## RECORDS FOR THE TASK
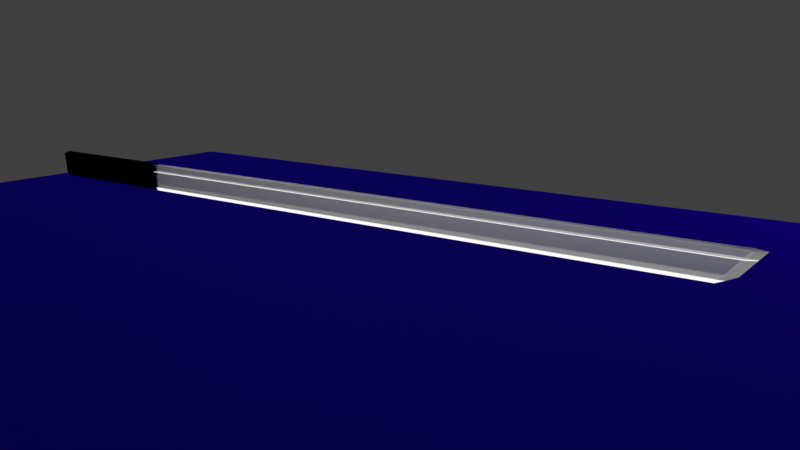 # Source: Sword.blend  (saved by Blender 2.78.0; exported with 4.5.12 LTS)
import bpy
from mathutils import Matrix  # noqa: F401  (used for matrix-valued properties, if any)

bpy.ops.wm.read_factory_settings(use_empty=True)
scene = bpy.context.scene
scene.name = 'Scene'

# ---- collections
col_collection_1 = bpy.data.collections.new('Collection 1'); scene.collection.children.link(col_collection_1)
col_collection_5 = bpy.data.collections.new('Collection 5'); scene.collection.children.link(col_collection_5)

# ---- materials (node trees are filled in below, after node groups)
mat_body = bpy.data.materials.new('Body')
mat_body.alpha_threshold = 0.0
mat_body.roughness = 0.5
mat_edge = bpy.data.materials.new('Edge')
mat_edge.alpha_threshold = 0.0
mat_edge.roughness = 0.5
mat_handguard = bpy.data.materials.new('Handguard')
mat_handguard.alpha_threshold = 0.0
mat_handguard.roughness = 0.5
mat_pommel = bpy.data.materials.new('Pommel')
mat_pommel.alpha_threshold = 0.0
mat_pommel.roughness = 0.5
mat_grey_metal = bpy.data.materials.new('Grey metal')
mat_grey_metal.alpha_threshold = 0.0
mat_grey_metal.roughness = 0.5

# ---- material node trees
mat_body.use_nodes = True; mat_body.node_tree.nodes.clear()
_N = mat_body.node_tree.nodes; _L = mat_body.node_tree.links
n0 = _N.new('ShaderNodeOutputMaterial'); n0.name = 'Material Output'; n0.location = (300, 300)
n1 = _N.new('ShaderNodeBsdfGlass'); n1.name = 'Glass BSDF'; n1.location = (10, 300)
n1.distribution = 'BECKMANN'
n1.inputs[0].default_value = (0.0, 0.0, 0.0, 1.0)
n1.inputs[1].default_value = 0.639
n1.inputs[2].default_value = 1.45
_L.new(n1.outputs[0], n0.inputs[0])
n0.is_active_output = True
mat_edge.use_nodes = True; mat_edge.node_tree.nodes.clear()
_N = mat_edge.node_tree.nodes; _L = mat_edge.node_tree.links
n0 = _N.new('ShaderNodeOutputMaterial'); n0.name = 'Material Output'; n0.location = (460, 300)
n1 = _N.new('ShaderNodeBsdfDiffuse'); n1.name = 'Diffuse BSDF'; n1.location = (10, 300)
n2 = _N.new('ShaderNodeEmission'); n2.name = 'Emission'; n2.location = (240, 336)
_L.new(n2.outputs[0], n0.inputs[0])
n0.is_active_output = True
mat_handguard.use_nodes = True; mat_handguard.node_tree.nodes.clear()
_N = mat_handguard.node_tree.nodes; _L = mat_handguard.node_tree.links
n0 = _N.new('ShaderNodeOutputMaterial'); n0.name = 'Material Output'; n0.location = (536, 300)
n1 = _N.new('ShaderNodeBsdfGlass'); n1.name = 'Glass BSDF'; n1.location = (86, 322)
n1.distribution = 'BECKMANN'
n1.inputs[0].default_value = (0.03143, 0.00322, 0.9853, 1.0)
n1.inputs[1].default_value = 0.7638
n1.inputs[2].default_value = 1.45
_L.new(n1.outputs[0], n0.inputs[0])
n0.is_active_output = True
mat_pommel.use_nodes = True; mat_pommel.node_tree.nodes.clear()
_N = mat_pommel.node_tree.nodes; _L = mat_pommel.node_tree.links
n0 = _N.new('ShaderNodeOutputMaterial'); n0.name = 'Material Output'; n0.location = (110, 263)
n1 = _N.new('ShaderNodeBsdfGlass'); n1.name = 'Glass BSDF'; n1.location = (-130, 299)
n1.distribution = 'BECKMANN'
n1.inputs[0].default_value = (1.0, 0.002165, 0.001748, 1.0)
n1.inputs[2].default_value = 1.45
_L.new(n1.outputs[0], n0.inputs[0])
n0.is_active_output = True
mat_grey_metal.use_nodes = True; mat_grey_metal.node_tree.nodes.clear()
_N = mat_grey_metal.node_tree.nodes; _L = mat_grey_metal.node_tree.links
n0 = _N.new('ShaderNodeOutputMaterial'); n0.name = 'Material Output'; n0.location = (300, 300)
n1 = _N.new('ShaderNodeBsdfGlass'); n1.name = 'Glass BSDF'; n1.location = (10, 300)
n1.distribution = 'BECKMANN'
n1.inputs[0].default_value = (0.8367, 0.8367, 0.8367, 1.0)
n1.inputs[1].default_value = 0.483
n1.inputs[2].default_value = 1.45
_L.new(n1.outputs[0], n0.inputs[0])
n0.is_active_output = True

# ---- world
world_world = bpy.data.worlds.new('World'); scene.world = world_world
world_world.color = (0.05088, 0.05088, 0.05088)
world_world.use_sun_shadow = False
world_world.sun_shadow_jitter_overblur = 0.0
world_world.cycles.sampling_method = 'MANUAL'

# ---- cameras
cam_camera_001 = bpy.data.cameras.new('Camera.001')
cam_camera_001.clip_end = 100.0
cam_camera_001.lens = 35.0
cam_camera_001.sensor_width = 32.0
cam_camera_001.sensor_height = 18.0
cam_camera_001.display_size = 2.0
cam_camera_001.dof.focus_distance = 0.0

# ---- lights
light_sun = bpy.data.lights.new('Sun', 'SUN')
light_sun.transmission_factor = 0.0
light_sun.angle = 2.277
light_sun.energy = 1.0
light_sun.shadow_buffer_clip_start = 0.5
light_sun.shadow_soft_size = 2.168
light_sun.shadow_cascade_max_distance = 1000.0

# ---- meshes
me_cube_001 = bpy.data.meshes.new('Cube.001')
me_cube_001.from_pydata([(0.2176, 0.091, 0.1677), (1.34, 0.08631, 0.3735), (1.99, 0.08489, 0.4908), (0.2176, 0.03194, -0.126), (1.984, 0.01371, 0.01357), (0.2176, 0.07391, -0.07982), (1.336, 0.02905, -0.04622), (0.1695, 0.1056, 0.2843), (0.1891, 0.1303, -0.003953), (0.1772, 0.1056, -0.2265), (0.1429, 0.02888, 0.1329), (0.1468, 0.05747, 0.006884), (0.1399, 0.02985, -0.08592), (0.2176, -0.08483, 0.1677), (1.34, -0.08014, 0.3735), (1.99, -0.07871, 0.4908), (1.983, 0.003088, -0.04406), (8.816, 0.003088, 1.841), (1.335, 0.01866, -0.09639), (0.2176, -0.02577, -0.126), (1.984, -0.007539, 0.01357), (0.2176, -0.06773, -0.07982), (1.336, -0.02288, -0.04622), (0.1695, -0.09943, 0.2843), (0.1891, -0.1241, -0.003953), (0.1772, -0.09943, -0.2265), (0.1429, -0.02628, 0.1329), (0.146, -0.04413, 0.009143), (0.1399, -0.02725, -0.08592), (0.1493, 0.1813, -0.003952), (0.1411, 0.1307, 0.3467), (0.1316, 0.1307, -0.2889), (0.1493, -0.1751, -0.003952), (0.1411, -0.1245, 0.3467), (0.1316, -0.1245, -0.2889), (-1.308, -0.05786, -0.2422), (-1.288, 0.0517, -0.1455), (-1.237, 0.02606, -0.2419), (-1.092, 0.00709, -0.03426), (-1.092, -0.007088, -0.03426), (-1.101, 0.04026, -0.115), (-1.044, -0.008236, -0.1136), (-1.044, 0.00824, -0.1136), (-1.313, 0.05786, -0.2422), (-1.288, -0.0517, -0.1455), (-1.237, -0.02606, -0.2419), (-1.101, -0.04026, -0.115), (-0.2051, -0.02062, 0.09157), (-0.2116, -0.0414, -0.01789), (-0.197, 0.02633, -0.08476), (-0.2054, 0.02062, 0.0918), (-0.2118, 0.0414, 0.01789), (-0.1968, -0.02023, -0.085)], [], [(16, 4, 17), (6, 4, 16, 18), (5, 6, 18, 3), (0, 1, 6, 5), (1, 2, 4, 6), (17, 4, 2), (8, 9, 31, 29), (5, 3, 9, 8), (0, 5, 8, 7), (7, 8, 29, 30), (16, 17, 20), (22, 18, 16, 20), (21, 19, 18, 22), (13, 21, 22, 14), (14, 22, 20, 15), (17, 15, 20), (24, 32, 34, 25), (21, 24, 25, 19), (13, 23, 24, 21), (23, 33, 32, 24), (17, 2, 15), (1, 14, 15, 2), (0, 13, 14, 1), (7, 23, 13, 0), (30, 33, 23, 7), (39, 38, 36, 44), (3, 19, 25, 9), (18, 19, 3), (31, 9, 25, 34), (11, 10, 30, 29), (12, 11, 29, 31), (26, 27, 32, 33), (27, 28, 34, 32), (10, 26, 33, 30), (28, 12, 31, 34), (36, 43, 35, 44), (43, 37, 45, 35), (42, 41, 45, 37), (51, 49, 42, 40), (52, 48, 46, 41), (49, 52, 41, 42), (50, 51, 40, 38), (47, 50, 38, 39), (48, 47, 39, 46), (46, 39, 44, 35), (38, 40, 43, 36), (41, 46, 35, 45), (40, 42, 37, 43), (27, 26, 47, 48), (26, 10, 50, 47), (10, 11, 51, 50), (12, 28, 52, 49), (28, 27, 48, 52), (11, 12, 49, 51)])
me_cube_001.polygons.foreach_set('material_index', [1, 1, 1, 0, 0, 0, 2, 2, 2, 2, 1, 1, 1, 0, 0, 0, 2, 2, 2, 2, 0, 0, 0, 2, 2, 4, 2, 1, 2, 2, 2, 2, 2, 2, 2, 0, 0, 4, 0, 0, 0, 0, 0, 0, 4, 4, 4, 4, 0, 0, 0, 0, 0, 0])
me_cube_001.materials.append(mat_body)
me_cube_001.materials.append(mat_edge)
me_cube_001.materials.append(mat_handguard)
me_cube_001.materials.append(mat_body)
me_cube_001.materials.append(mat_pommel)
me_cube_001.use_remesh_preserve_volume = False
me_cube_001.use_remesh_preserve_attributes = False
me_cube_001.use_mirror_vertex_groups = False
me_cube_001.update()
me_plane = bpy.data.meshes.new('Plane')
me_plane.from_pydata([(-1.0, -1.0, 0.0), (1.0, -1.0, 0.0), (-1.0, 1.0, 0.0), (1.0, 1.0, 0.0)], [], [(0, 1, 3, 2)])
me_plane.materials.append(mat_handguard)
me_plane.use_remesh_preserve_volume = False
me_plane.use_remesh_preserve_attributes = False
me_plane.use_mirror_vertex_groups = False
me_plane.update()
me_cube = bpy.data.meshes.new('Cube')
me_cube.from_pydata([(-3.409, 1.315e-09, -0.06239), (6.059, 1.315e-09, -0.06239), (-1.455, -0.01948, -0.1097), (-1.456, -0.05342, 0.1903), (5.942, -0.03308, -0.06223), (-1.455, -0.03308, -0.06223), (5.863, -0.01948, -0.1097), (6.162, -0.05342, 0.1903), (-1.456, 1.315e-09, -0.1528), (-1.456, 1.315e-09, 0.1903), (5.863, 0.0, -0.1483), (6.279, 1.315e-09, 0.1903), (-1.476, -0.05952, -0.08824), (-1.476, 1.315e-09, 0.2135), (-1.476, -0.08138, 0.1903), (-1.476, -0.02089, -0.1408), (-1.476, 1.315e-09, -0.1477), (-3.409, -0.05952, -0.08824), (-3.409, 1.315e-09, 0.2135), (-3.409, -0.08138, 0.1903), (-3.409, -0.02089, -0.1408), (-3.409, 1.315e-09, -0.1477), (6.206, 1.315e-09, 0.1061), (6.199, 0.0, 0.09817), (-3.409, 1.315e-09, 0.1215), (-3.409, 0.0, 0.1129), (-1.455, -0.04664, 0.1061), (-1.455, -0.04601, 0.09823), (6.089, -0.04664, 0.1061), (6.082, -0.04601, 0.09823), (-1.476, -0.07409, 0.09745), (-1.476, -0.07341, 0.08875), (-3.409, -0.07409, 0.09745), (-3.409, -0.07341, 0.08875), (5.951, 0.0, -0.1122)], [], [(2, 15, 16, 8), (26, 28, 7, 3), (6, 10, 34), (5, 12, 15, 2), (2, 6, 4, 5), (7, 11, 9, 3), (2, 8, 10, 6), (28, 22, 11, 7), (13, 18, 19, 14), (31, 33, 17, 12), (27, 31, 12, 5), (9, 13, 14, 3), (24, 32, 19, 18), (21, 20, 17, 0), (15, 20, 21, 16), (12, 17, 20, 15), (0, 17, 33, 25), (25, 33, 32, 24), (3, 14, 30, 26), (26, 30, 31, 27), (14, 19, 32, 30), (30, 32, 33, 31), (4, 1, 23, 29), (29, 23, 22, 28), (5, 4, 29, 27), (27, 29, 28, 26), (34, 1, 4, 6)])
me_cube.polygons.foreach_set('material_index', [3, 0, 1, 3, 0, 0, 1, 0, 2, 2, 3, 3, 2, 2, 2, 2, 2, 2, 3, 3, 2, 2, 0, 1, 0, 1, 0])
me_cube.materials.append(mat_grey_metal)
me_cube.materials.append(mat_edge)
me_cube.materials.append(mat_body)
me_cube.materials.append(mat_handguard)
me_cube.use_remesh_preserve_volume = False
me_cube.use_remesh_preserve_attributes = False
me_cube.use_mirror_vertex_groups = False
me_cube.update()

# ---- objects
ob_sword = bpy.data.objects.new('Sword', me_cube_001)
ob_plane = bpy.data.objects.new('Plane', me_plane)
ob_simple_sword = bpy.data.objects.new('Simple Sword', me_cube)
ob_sun = bpy.data.objects.new('Sun', light_sun)
ob_camera = bpy.data.objects.new('Camera', cam_camera_001)

# ---- transforms, parenting, visibility, modifiers, constraints
ob_sword.location = (0.0, 0.0, 0.0)
ob_sword.hide_viewport = True
ob_sword.hide_render = True
ob_sword.lineart.crease_threshold = 0.0
_vg = ob_sword.vertex_groups.new(name='Body')
_vg = ob_sword.vertex_groups.new(name='Edge')
_vg = ob_sword.vertex_groups.new(name='Handguard')
_vg = ob_sword.vertex_groups.new(name='Hiilt')
ob_plane.location = (-0.9282, -0.06531, -1.438)
ob_plane.scale = (9.386, 9.386, 9.386)
ob_plane.lineart.crease_threshold = 0.0
ob_simple_sword.location = (0.7528, -0.1172, 0.06587)
ob_simple_sword.lineart.crease_threshold = 0.0
_m = ob_simple_sword.modifiers.new('Mirror', 'MIRROR')
_m.use_axis = (False, True, False)
_m.use_clip = True
ob_sun.location = (1.778, 4.053, 2.557)
ob_sun.rotation_euler = (-0.908, -0.1912, -0.2873)
ob_sun.lineart.crease_threshold = 0.0
ob_camera.location = (8.696, -7.45, 2.05)
ob_camera.rotation_euler = (1.347, -1.868e-05, 0.6342)
ob_camera.lineart.crease_threshold = 0.0

# ---- collection membership
col_collection_1.objects.link(ob_sword)
col_collection_5.objects.link(ob_plane)
col_collection_5.objects.link(ob_simple_sword)
col_collection_5.objects.link(ob_sun)
col_collection_5.objects.link(ob_camera)

# ---- scene / render settings (as saved in the file)
scene.camera = ob_camera
scene.frame_start = 1; scene.frame_end = 250; scene.frame_set(2)
scene.render.engine = 'CYCLES'
scene.render.image_settings.compression = 0
scene.render.dither_intensity = 0.0
scene.cycles.use_denoising = False
scene.cycles.samples = 128
scene.cycles.sampling_pattern = 'TABULATED_SOBOL'
scene.cycles.light_sampling_threshold = 0.0
scene.cycles.use_adaptive_sampling = False
scene.cycles.use_light_tree = False
scene.cycles.blur_glossy = 0.0
scene.cycles.sample_clamp_indirect = 0.0
scene.view_settings.view_transform = 'Standard'
bpy.context.view_layer.update()

## TASK BRIEF
Go through the material above and output exactly the lines from the one containing "light_sun.shadow_cascade_max_distance = 1000.0" through the one containing "me_cube_001 = bpy.data.meshes.new('Cube.001')".

## THE ANSWER
light_sun.shadow_cascade_max_distance = 1000.0

# ---- meshes
me_cube_001 = bpy.data.meshes.new('Cube.001')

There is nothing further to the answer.